Lambeth J D, McCaslin D R, Kamin H
J Biol Chem. 1976 Dec 10;251(23):7545-50.
Adrenodoxin reductase and adrenodoxin have been shown (Chu, J.-W., and Kimura, T. (1973) J. Biol. Chem. 248, 5183-5187) to form a low dissociation constant, 1:1 complex when both proteins are in the oxidized form. We have found that when adrenodoxin: adrenodoxin reductase ratios are varied by increasing the adrenodoxin concentration, with adrenodoxin reductase held constant, an increasing rate of cytochrome c reduction, with NADPH as reductant, is seen up to a ratio of 1:1, indicating that cytochrome c reduction occurs via the protein-protein complex. Spectra observed during titration of this protein-protein complex with NADH were resolved into components by the linear programming method, using a computer program written in Fortran IV. Analysis of the data has shown that the flavoprotein is reduced prior to the iron sulfur protein, and that the midpoint oxidation-reduction potentials (pH 7.5) of the two proteins are -295 and -331 mV, respectively, when both are present in the complex. Complex formation does not alter the potential of adrenodoxin reductase, but changes that of adrenodoxin by -40 mV. Equilibrium constants derived from potential measurements show that the strength of the protein-protein interaction in the complex is unaltered by reduction of adrenodoxin reductase, but is decreased by about 1 kcal due to reduction of adrenodoxin. The low dissociation constants for both oxidized reduced forms of the adrenodoxin reductase-adrenodoxin complex indicate that the complex must remain associated throughout its catalytic cycle. Titration of the adrenodoxin reductase-adrenodoxin complex with the physiologic reductant, NADPH, was followed by EPR and visible spectra, and yielded an order of reduction of the components identical with that seen when NADH was used as reductant. Reduction of the protein-protein complex with NADPH yielded a ternary complex between NADP+, flavoprotein, and iron sulfur protein, with the two electrons located in a "charge transfer" complex between flavoprotein and pyridine nucleotide.

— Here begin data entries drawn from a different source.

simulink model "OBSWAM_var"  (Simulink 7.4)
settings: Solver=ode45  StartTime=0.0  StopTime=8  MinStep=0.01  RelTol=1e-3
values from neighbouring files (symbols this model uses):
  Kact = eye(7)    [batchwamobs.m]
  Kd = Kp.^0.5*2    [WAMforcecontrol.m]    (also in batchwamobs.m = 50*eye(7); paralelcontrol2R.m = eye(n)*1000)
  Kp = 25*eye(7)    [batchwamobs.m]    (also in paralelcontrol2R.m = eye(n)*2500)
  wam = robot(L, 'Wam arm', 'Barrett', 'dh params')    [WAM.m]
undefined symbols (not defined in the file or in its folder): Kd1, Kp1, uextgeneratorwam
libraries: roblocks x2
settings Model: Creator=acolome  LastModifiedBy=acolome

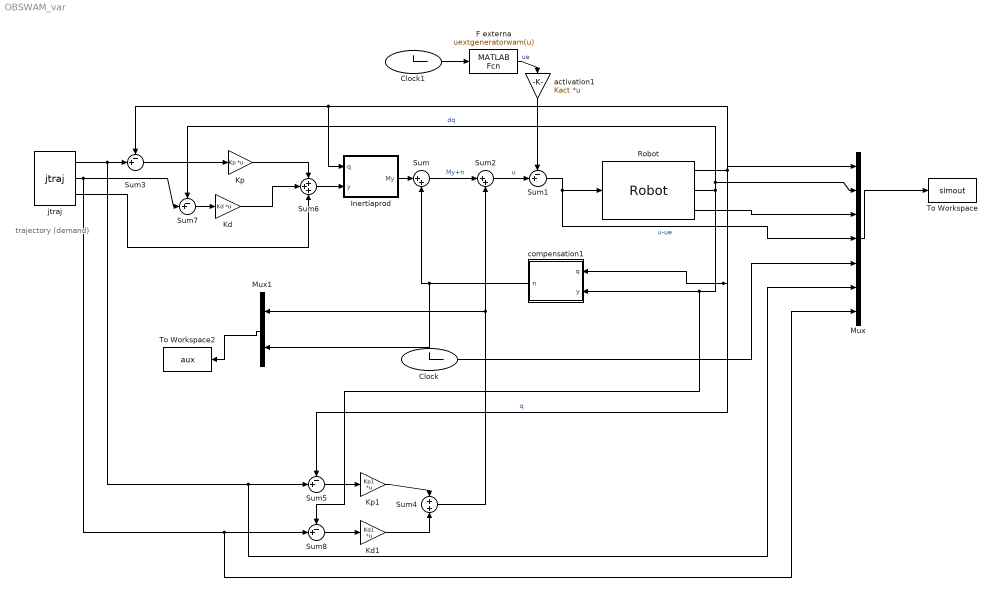
== system OBSWAM_var ==
  note: trajectory
      | (demand)
  Clock : Clock
      settings: Decimation=100
  Clock1 : Clock
      settings: Decimation=100
  F externa : MATLABFcn  MATLABFcn=uextgeneratorwam(u)  OutputDimensions=7
  Inertiaprod : Subsystem  mask{robot=wam, g=[0 0 9.81]}
      mask prompts: robot "Robot Object"; g "Gravity"
      mask init:
      | n=robot.n
      mask Display:
      | port_label('output',1,'M(q)y')
      | 
      | port_label('input', 1, 'q')
      | port_label('input', 2, 'y')
  Kd : Gain  Gain=Kd  Multiplication=Matrix(K*u)  SaturateOnIntegerOverflow=on  OutDataTypeStr=Inherit: Same as input  ParamDataTypeStr=Inherit: Same as input
  Kd1 : Gain  Gain=Kd1  Multiplication=Matrix(K*u)  SaturateOnIntegerOverflow=on  OutDataTypeStr=Inherit: Same as input  ParamDataTypeStr=Inherit: Same as input
  Kp : Gain  Gain=Kp  Multiplication=Matrix(K*u)  SaturateOnIntegerOverflow=on  OutDataTypeStr=Inherit: Same as input  ParamDataTypeStr=Inherit: Same as input
  Kp1 : Gain  Gain=Kp1  Multiplication=Matrix(K*u)  SaturateOnIntegerOverflow=on  OutDataTypeStr=Inherit: Same as input  ParamDataTypeStr=Inherit: Same as input
  Mux : Mux  Inputs=7
  Mux1 : Mux  Inputs=2
  Robot : roblocks/Robot  SystemSampleTime=-1  robot=wam  q0=[0 0 0 0 0 0 0]
  Sum : Sum  Inputs=|++  OutDataType=fixdt(1, 16)  OutScaling=2^0
  Sum1 : Sum  Inputs=-+|  OutDataType=fixdt(1, 16)  OutScaling=2^0
  Sum2 : Sum  Inputs=|++  OutDataType=fixdt(1, 16)  OutScaling=2^0
  Sum{3,5,7..8} (4 alike) : Sum  Inputs=-+|  SaturateOnIntegerOverflow=on  InputSameDT=on  OutDataTypeStr=Inherit: Same as first input
  Sum4 : Sum  OutDataType=fixdt(1, 16)  OutScaling=2^0
  Sum6 : Sum  Inputs=+++  OutDataType=fixdt(1, 16)  OutScaling=2^0
  To Workspace : ToWorkspace  VariableName=simout  SampleTime=-1  SaveFormat=Array
  To Workspace2 : ToWorkspace  VariableName=aux  SampleTime=-1  SaveFormat=Array
  activation1 : Gain  Gain=Kact  Multiplication=Matrix(K*u)  SaturateOnIntegerOverflow=on  OutDataTypeStr=Inherit: Same as input  ParamDataTypeStr=Inherit: Same as input
  compensation1 : Subsystem  mask{robot=wam, g=[0 0 9.81]}
      mask prompts: robot "Robot Object"; g "Gravity"
      mask init:
      | n=robot.n
      mask Display:
      | port_label('output',1,'n(q,dq)')
      | 
      | port_label('input', 1, 'q')
      | port_label('input', 2, 'dq')
  jtraj : roblocks/jtraj  SystemSampleTime=-1  q0=[0 0 0 0 0 0 0]*0  qf=[1 1 1 1 1 1 1]  tmax=8
      link override MATLAB Fcn: MATLABFcn=squeeze(interp1(t,q,u))
      link override MATLAB Fcn1: MATLABFcn=squeeze(interp1(t,qd,u))
      link override MATLAB Fcn2: MATLABFcn=squeeze(interp1(t,qdd,u))
  wires:
  Mux/1 -> To Workspace/1
  jtraj/2 -> Sum7/2, Sum8/2, Mux/7
  Sum7/1 -> Kd/1
  Sum3/1 -> Kp/1
  jtraj/3 -> Sum6/3
  Kd/1 -> Sum6/2
  Kp/1 -> Sum6/1
  jtraj/1 -> Sum3/2, Sum5/2, Mux/6
  Robot/1 -> Sum3/1, Inertiaprod/1(q), Mux/1, compensation1/1(q), Sum5/1  "q"
  Robot/2 -> Sum7/1, Mux/2, compensation1/2(y), Sum8/1  "dq"
  Sum6/1 -> Inertiaprod/2(y)
  Robot/3 -> Mux/3
  Clock/1 -> Mux/5
  compensation1/1(n) -> Sum/2, Mux1/2
  Sum1/1 -> Robot/1, Mux/4  "u-ue"
  Inertiaprod/1(My) -> Sum/1
  Clock1/1 -> F externa/1
  Sum/1 -> Sum2/1  "My+n"
  Sum2/1 -> Sum1/2  "u"
  F externa/1 -> activation1/1  "ue"
  activation1/1 -> Sum1/1
  Mux1/1 -> To Workspace2/1
  Sum5/1 -> Kp1/1
  Sum8/1 -> Kd1/1
  Kp1/1 -> Sum4/1
  Kd1/1 -> Sum4/2
  Sum4/1 -> Sum2/2, Mux1/1

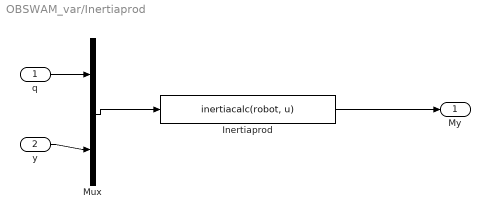
== system OBSWAM_var/Inertiaprod ==
  q : Inport  OutDataType=fixdt(1, 16)  OutScaling=2^0
  y : Inport  Port=2  OutDataType=fixdt(1, 16)  OutScaling=2^0
  Inertiaprod : MATLABFcn  MATLABFcn=inertiacalc(robot, u)  OutputDimensions=n
  Mux : Mux  Inputs=2
  My : Outport  OutDataType=fixdt(1, 16)  OutScaling=2^0
  wires:
  Mux/1 -> Inertiaprod/1
  q/1 -> Mux/1
  Inertiaprod/1 -> My/1
  y/1 -> Mux/2

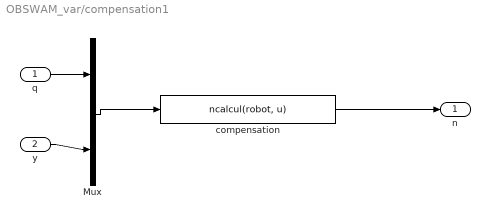
== system OBSWAM_var/compensation1 ==
  q : Inport  OutDataType=fixdt(1, 16)  OutScaling=2^0
  y : Inport  Port=2  OutDataType=fixdt(1, 16)  OutScaling=2^0
  Mux : Mux  Inputs=2
  compensation : MATLABFcn  MATLABFcn=ncalcul(robot, u)  OutputDimensions=n
  n : Outport  OutDataType=fixdt(1, 16)  OutScaling=2^0
  wires:
  Mux/1 -> compensation/1
  q/1 -> Mux/1
  compensation/1 -> n/1
  y/1 -> Mux/2

肾上腺皮质铁氧化还原蛋白还原酶和肾上腺皮质铁氧化还原蛋白已被证明(朱,J.-W.,和木村,T.(1973年)《生物化学杂志》248,5183 - 5187),当两种蛋白质都处于氧化形式时,会形成一种低解离常数的1:1复合物。我们发现,当通过增加肾上腺皮质铁氧化还原蛋白的浓度来改变肾上腺皮质铁氧化还原蛋白与肾上腺皮质铁氧化还原蛋白还原酶的比例,而肾上腺皮质铁氧化还原蛋白还原酶保持恒定时,以NADPH作为还原剂,细胞色素c的还原速率会不断增加,直至达到1:1的比例,这表明细胞色素c的还原是通过蛋白质 - 蛋白质复合物发生的。在用NADH滴定这种蛋白质 - 蛋白质复合物过程中观察到的光谱,通过使用用Fortran IV编写的计算机程序,采用线性规划方法分解为各个组分。数据分析表明,黄素蛋白在铁硫蛋白之前被还原,并且当两种蛋白质都存在于复合物中时,它们的中点氧化还原电位(pH 7.5)分别为 - 295和 - 331 mV。复合物的形成不会改变肾上腺皮质铁氧化还原蛋白还原酶的电位,但会使肾上腺皮质铁氧化还原蛋白的电位改变 - 40 mV。从电位测量得出的平衡常数表明,复合物中蛋白质 - 蛋白质相互作用的强度不会因肾上腺皮质铁氧化还原蛋白还原酶的还原而改变,但由于肾上腺皮质铁氧化还原蛋白的还原会降低约1千卡。肾上腺皮质铁氧化还原蛋白还原酶 - 肾上腺皮质铁氧化还原蛋白复合物的氧化还原形式的低解离常数表明,该复合物在其整个催化循环中必须保持结合状态。用生理还原剂NADPH滴定肾上腺皮质铁氧化还原蛋白还原酶 - 肾上腺皮质铁氧化还原蛋白复合物,随后进行EPR和可见光谱分析,得到的组分还原顺序与使用NADH作为还原剂时相同。用NADPH还原蛋白质 - 蛋白质复合物会产生一种NADP⁺、黄素蛋白和铁硫蛋白之间的三元复合物,两个电子位于黄素蛋白和吡啶核苷酸之间的“电荷转移”复合物中。